→ TASK INSTRUCTIONS: Each line from the opening of the records that follow to the line with "settings DataIOCC: LimitDataPoints=on" needs to be written out exactly. Add nothing.

→ DATA FOR THE TASK:
——
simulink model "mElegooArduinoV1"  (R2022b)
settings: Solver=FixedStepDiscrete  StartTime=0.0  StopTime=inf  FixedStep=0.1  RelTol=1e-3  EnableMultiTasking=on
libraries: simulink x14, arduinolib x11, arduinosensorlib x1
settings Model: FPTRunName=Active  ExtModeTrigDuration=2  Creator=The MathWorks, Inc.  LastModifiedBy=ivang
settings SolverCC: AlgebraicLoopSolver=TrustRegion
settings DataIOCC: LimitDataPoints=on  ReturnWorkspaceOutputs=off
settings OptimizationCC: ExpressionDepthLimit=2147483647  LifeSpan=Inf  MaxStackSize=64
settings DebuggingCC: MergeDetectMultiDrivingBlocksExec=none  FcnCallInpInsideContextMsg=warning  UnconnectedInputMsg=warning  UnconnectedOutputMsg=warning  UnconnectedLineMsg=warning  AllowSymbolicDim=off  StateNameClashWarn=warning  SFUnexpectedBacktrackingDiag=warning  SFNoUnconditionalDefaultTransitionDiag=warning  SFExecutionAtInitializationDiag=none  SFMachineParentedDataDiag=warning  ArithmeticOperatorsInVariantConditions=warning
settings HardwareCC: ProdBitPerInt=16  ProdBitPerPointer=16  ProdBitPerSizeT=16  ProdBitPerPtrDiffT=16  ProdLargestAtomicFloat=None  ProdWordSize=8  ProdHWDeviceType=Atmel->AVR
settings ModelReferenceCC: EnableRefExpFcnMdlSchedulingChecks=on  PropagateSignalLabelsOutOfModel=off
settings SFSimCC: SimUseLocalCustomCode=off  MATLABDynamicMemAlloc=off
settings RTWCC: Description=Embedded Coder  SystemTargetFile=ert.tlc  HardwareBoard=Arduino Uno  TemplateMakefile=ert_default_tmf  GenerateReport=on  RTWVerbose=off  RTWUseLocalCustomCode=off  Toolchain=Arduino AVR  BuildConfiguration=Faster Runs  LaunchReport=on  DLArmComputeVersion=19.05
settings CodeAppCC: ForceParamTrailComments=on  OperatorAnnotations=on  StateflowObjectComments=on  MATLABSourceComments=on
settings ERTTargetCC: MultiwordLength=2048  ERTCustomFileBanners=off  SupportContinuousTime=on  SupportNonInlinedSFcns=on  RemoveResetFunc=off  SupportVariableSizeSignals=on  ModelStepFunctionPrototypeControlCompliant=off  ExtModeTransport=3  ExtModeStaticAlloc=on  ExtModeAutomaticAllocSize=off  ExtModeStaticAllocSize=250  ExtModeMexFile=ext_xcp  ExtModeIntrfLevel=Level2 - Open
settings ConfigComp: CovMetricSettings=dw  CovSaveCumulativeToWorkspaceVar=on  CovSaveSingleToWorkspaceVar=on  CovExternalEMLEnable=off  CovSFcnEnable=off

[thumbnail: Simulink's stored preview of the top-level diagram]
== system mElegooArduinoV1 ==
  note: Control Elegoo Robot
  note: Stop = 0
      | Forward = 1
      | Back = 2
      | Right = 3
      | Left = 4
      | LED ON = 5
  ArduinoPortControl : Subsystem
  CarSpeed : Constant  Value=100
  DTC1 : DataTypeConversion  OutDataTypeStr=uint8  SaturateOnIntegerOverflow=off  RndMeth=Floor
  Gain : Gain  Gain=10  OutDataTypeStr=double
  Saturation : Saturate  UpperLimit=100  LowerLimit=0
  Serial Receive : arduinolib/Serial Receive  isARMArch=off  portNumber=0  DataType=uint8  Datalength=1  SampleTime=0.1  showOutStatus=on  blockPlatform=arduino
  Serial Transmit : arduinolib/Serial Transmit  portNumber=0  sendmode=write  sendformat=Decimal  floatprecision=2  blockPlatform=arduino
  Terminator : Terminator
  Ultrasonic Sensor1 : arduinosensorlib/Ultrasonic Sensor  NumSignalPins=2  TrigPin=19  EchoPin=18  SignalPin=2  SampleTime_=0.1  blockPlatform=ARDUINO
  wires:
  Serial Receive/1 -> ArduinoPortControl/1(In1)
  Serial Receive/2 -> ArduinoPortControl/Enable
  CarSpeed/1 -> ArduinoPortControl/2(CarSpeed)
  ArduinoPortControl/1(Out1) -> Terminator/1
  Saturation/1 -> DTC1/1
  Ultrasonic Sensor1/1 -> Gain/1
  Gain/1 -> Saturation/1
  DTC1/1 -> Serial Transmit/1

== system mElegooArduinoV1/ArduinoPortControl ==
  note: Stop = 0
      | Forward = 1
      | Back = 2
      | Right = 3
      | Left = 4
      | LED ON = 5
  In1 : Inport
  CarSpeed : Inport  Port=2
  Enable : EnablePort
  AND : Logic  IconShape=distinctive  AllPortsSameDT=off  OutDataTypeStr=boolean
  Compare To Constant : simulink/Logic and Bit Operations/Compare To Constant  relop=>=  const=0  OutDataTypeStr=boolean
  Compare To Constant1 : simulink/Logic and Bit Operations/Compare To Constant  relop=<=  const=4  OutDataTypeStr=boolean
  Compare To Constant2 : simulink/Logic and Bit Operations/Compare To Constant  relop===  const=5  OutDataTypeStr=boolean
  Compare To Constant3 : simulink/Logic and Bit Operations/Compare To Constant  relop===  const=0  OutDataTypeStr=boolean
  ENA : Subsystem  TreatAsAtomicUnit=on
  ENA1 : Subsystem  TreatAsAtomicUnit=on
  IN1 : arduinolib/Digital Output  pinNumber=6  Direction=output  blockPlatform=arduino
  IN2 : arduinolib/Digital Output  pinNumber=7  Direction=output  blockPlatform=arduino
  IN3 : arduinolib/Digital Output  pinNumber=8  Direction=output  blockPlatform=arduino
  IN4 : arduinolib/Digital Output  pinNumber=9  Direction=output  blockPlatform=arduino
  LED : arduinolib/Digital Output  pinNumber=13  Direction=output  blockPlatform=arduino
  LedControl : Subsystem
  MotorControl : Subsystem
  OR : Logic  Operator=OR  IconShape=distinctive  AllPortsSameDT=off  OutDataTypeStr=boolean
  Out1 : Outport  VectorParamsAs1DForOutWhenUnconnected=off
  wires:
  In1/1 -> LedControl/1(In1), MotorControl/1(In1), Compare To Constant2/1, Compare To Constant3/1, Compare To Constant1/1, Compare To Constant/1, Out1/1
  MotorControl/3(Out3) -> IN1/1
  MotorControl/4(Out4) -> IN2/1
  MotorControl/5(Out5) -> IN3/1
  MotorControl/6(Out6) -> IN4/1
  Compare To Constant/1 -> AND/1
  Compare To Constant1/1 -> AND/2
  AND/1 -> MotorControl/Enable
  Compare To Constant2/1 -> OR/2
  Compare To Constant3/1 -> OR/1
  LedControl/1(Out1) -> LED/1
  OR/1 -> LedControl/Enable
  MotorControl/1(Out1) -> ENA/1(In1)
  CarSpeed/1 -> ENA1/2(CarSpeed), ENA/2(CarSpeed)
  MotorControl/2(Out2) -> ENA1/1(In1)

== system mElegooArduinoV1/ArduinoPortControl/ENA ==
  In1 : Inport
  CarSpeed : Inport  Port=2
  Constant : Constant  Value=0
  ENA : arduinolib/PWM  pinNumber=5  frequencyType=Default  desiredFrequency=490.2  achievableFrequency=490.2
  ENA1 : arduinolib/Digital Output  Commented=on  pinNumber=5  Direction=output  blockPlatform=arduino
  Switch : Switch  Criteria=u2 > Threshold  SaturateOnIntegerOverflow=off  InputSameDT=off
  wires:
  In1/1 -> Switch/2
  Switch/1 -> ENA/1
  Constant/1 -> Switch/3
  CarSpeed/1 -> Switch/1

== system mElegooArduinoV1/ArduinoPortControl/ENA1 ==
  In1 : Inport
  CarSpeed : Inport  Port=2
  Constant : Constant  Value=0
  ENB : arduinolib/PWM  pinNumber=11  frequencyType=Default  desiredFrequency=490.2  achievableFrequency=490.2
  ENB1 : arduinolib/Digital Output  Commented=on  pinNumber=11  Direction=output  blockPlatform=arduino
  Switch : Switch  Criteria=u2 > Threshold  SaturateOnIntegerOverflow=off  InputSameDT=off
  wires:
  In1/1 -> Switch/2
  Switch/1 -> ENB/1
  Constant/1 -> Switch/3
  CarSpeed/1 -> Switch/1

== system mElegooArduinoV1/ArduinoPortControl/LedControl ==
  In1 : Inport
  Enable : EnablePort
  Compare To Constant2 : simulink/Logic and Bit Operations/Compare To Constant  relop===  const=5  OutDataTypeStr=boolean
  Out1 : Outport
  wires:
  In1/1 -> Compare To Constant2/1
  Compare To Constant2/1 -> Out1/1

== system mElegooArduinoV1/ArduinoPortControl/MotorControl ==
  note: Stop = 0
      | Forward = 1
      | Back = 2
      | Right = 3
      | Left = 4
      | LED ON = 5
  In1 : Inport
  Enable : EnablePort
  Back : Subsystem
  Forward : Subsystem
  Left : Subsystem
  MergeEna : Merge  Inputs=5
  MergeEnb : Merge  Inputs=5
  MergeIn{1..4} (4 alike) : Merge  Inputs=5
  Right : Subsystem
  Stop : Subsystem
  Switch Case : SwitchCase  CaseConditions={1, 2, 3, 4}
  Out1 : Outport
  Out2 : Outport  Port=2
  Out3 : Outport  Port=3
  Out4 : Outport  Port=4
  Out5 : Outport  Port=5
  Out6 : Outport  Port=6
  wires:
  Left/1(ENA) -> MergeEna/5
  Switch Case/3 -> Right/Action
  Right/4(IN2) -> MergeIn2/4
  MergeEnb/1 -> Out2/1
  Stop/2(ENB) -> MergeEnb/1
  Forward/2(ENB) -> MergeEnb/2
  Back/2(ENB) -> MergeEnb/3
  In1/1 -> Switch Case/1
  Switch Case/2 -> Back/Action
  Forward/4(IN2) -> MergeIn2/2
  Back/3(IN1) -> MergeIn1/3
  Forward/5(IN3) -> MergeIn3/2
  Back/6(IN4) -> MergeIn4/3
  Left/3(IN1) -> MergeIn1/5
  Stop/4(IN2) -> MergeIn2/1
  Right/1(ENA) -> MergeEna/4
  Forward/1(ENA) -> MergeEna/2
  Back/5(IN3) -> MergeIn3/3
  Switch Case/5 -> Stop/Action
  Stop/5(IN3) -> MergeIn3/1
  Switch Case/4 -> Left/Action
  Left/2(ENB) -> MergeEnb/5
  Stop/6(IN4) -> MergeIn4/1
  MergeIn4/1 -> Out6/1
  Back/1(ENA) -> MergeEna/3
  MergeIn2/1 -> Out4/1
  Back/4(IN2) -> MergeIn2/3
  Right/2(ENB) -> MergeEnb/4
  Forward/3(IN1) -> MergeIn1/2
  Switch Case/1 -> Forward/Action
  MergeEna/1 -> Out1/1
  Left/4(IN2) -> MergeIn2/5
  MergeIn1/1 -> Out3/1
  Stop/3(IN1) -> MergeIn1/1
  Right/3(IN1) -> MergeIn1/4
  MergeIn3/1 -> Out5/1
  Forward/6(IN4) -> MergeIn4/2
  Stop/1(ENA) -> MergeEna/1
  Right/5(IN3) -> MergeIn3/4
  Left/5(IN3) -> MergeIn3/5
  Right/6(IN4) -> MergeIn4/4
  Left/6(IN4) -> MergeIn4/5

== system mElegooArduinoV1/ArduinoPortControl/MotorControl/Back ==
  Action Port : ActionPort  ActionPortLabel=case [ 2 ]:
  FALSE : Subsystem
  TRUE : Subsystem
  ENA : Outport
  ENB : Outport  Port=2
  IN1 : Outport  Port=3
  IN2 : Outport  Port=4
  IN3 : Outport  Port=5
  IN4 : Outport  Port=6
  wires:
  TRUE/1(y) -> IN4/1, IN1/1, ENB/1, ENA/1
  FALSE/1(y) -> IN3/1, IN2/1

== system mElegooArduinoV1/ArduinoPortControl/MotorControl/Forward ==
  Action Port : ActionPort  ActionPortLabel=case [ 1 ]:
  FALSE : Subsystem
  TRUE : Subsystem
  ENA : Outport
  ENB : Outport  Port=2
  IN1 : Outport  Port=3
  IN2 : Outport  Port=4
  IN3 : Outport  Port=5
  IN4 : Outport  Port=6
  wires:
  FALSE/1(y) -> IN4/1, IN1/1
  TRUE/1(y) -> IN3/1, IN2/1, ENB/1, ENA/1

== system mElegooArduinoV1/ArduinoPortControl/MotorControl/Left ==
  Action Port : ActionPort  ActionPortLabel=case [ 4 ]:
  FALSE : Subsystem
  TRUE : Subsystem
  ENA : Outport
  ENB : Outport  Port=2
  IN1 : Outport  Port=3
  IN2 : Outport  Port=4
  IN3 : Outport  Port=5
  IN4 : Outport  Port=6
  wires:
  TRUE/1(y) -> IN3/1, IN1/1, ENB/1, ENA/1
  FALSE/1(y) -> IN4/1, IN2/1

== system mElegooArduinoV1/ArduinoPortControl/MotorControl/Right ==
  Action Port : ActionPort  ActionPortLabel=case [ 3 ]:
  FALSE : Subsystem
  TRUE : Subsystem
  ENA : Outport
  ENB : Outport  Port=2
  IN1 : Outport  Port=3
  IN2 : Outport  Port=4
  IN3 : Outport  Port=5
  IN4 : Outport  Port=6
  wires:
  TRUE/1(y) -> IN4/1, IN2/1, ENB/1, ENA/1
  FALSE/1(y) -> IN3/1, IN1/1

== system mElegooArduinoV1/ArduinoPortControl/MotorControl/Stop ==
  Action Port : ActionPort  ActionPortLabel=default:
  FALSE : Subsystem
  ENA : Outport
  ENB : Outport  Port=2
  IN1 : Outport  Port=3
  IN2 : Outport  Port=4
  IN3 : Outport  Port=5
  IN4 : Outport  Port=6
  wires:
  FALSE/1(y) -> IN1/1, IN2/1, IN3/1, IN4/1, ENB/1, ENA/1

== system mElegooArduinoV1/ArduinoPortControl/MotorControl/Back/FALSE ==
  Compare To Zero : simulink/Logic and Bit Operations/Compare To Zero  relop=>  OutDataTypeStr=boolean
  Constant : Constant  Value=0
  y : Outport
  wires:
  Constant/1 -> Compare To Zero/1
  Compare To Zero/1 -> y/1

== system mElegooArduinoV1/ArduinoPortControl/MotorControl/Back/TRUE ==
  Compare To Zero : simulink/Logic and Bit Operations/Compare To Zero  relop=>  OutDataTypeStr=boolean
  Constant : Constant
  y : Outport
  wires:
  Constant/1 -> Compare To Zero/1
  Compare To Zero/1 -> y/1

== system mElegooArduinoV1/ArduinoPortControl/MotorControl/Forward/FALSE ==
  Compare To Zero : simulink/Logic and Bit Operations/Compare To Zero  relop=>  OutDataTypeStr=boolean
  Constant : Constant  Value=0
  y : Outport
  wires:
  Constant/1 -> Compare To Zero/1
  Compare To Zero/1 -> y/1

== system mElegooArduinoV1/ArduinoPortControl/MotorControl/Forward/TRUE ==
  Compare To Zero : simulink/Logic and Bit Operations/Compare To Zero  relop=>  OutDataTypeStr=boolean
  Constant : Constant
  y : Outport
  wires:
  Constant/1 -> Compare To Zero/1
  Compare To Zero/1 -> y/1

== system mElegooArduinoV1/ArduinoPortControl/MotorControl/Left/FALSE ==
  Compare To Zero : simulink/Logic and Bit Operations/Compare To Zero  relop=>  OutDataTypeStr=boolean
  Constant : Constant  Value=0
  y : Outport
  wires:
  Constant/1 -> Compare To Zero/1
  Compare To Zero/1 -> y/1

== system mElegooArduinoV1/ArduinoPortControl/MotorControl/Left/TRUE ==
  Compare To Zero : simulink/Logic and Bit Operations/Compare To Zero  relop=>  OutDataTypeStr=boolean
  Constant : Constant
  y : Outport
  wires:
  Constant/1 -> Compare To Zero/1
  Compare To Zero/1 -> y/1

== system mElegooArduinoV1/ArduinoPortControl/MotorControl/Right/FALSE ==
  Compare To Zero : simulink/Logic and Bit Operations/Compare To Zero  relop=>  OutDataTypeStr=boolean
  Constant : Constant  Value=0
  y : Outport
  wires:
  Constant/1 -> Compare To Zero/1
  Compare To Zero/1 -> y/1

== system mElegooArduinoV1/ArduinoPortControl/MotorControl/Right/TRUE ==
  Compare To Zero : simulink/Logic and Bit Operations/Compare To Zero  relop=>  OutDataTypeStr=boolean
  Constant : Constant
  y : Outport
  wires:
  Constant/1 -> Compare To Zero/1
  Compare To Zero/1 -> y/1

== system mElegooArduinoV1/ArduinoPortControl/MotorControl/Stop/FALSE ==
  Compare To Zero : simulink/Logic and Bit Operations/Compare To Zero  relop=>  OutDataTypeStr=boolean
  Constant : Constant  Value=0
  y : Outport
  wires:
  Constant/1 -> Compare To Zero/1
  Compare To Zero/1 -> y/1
——
→ FINISHED EXERCISE:
simulink model "mElegooArduinoV1"  (R2022b)
settings: Solver=FixedStepDiscrete  StartTime=0.0  StopTime=inf  FixedStep=0.1  RelTol=1e-3  EnableMultiTasking=on
libraries: simulink x14, arduinolib x11, arduinosensorlib x1
settings Model: FPTRunName=Active  ExtModeTrigDuration=2  Creator=The MathWorks, Inc.  LastModifiedBy=ivang
settings SolverCC: AlgebraicLoopSolver=TrustRegion
settings DataIOCC: LimitDataPoints=on  ReturnWorkspaceOutputs=off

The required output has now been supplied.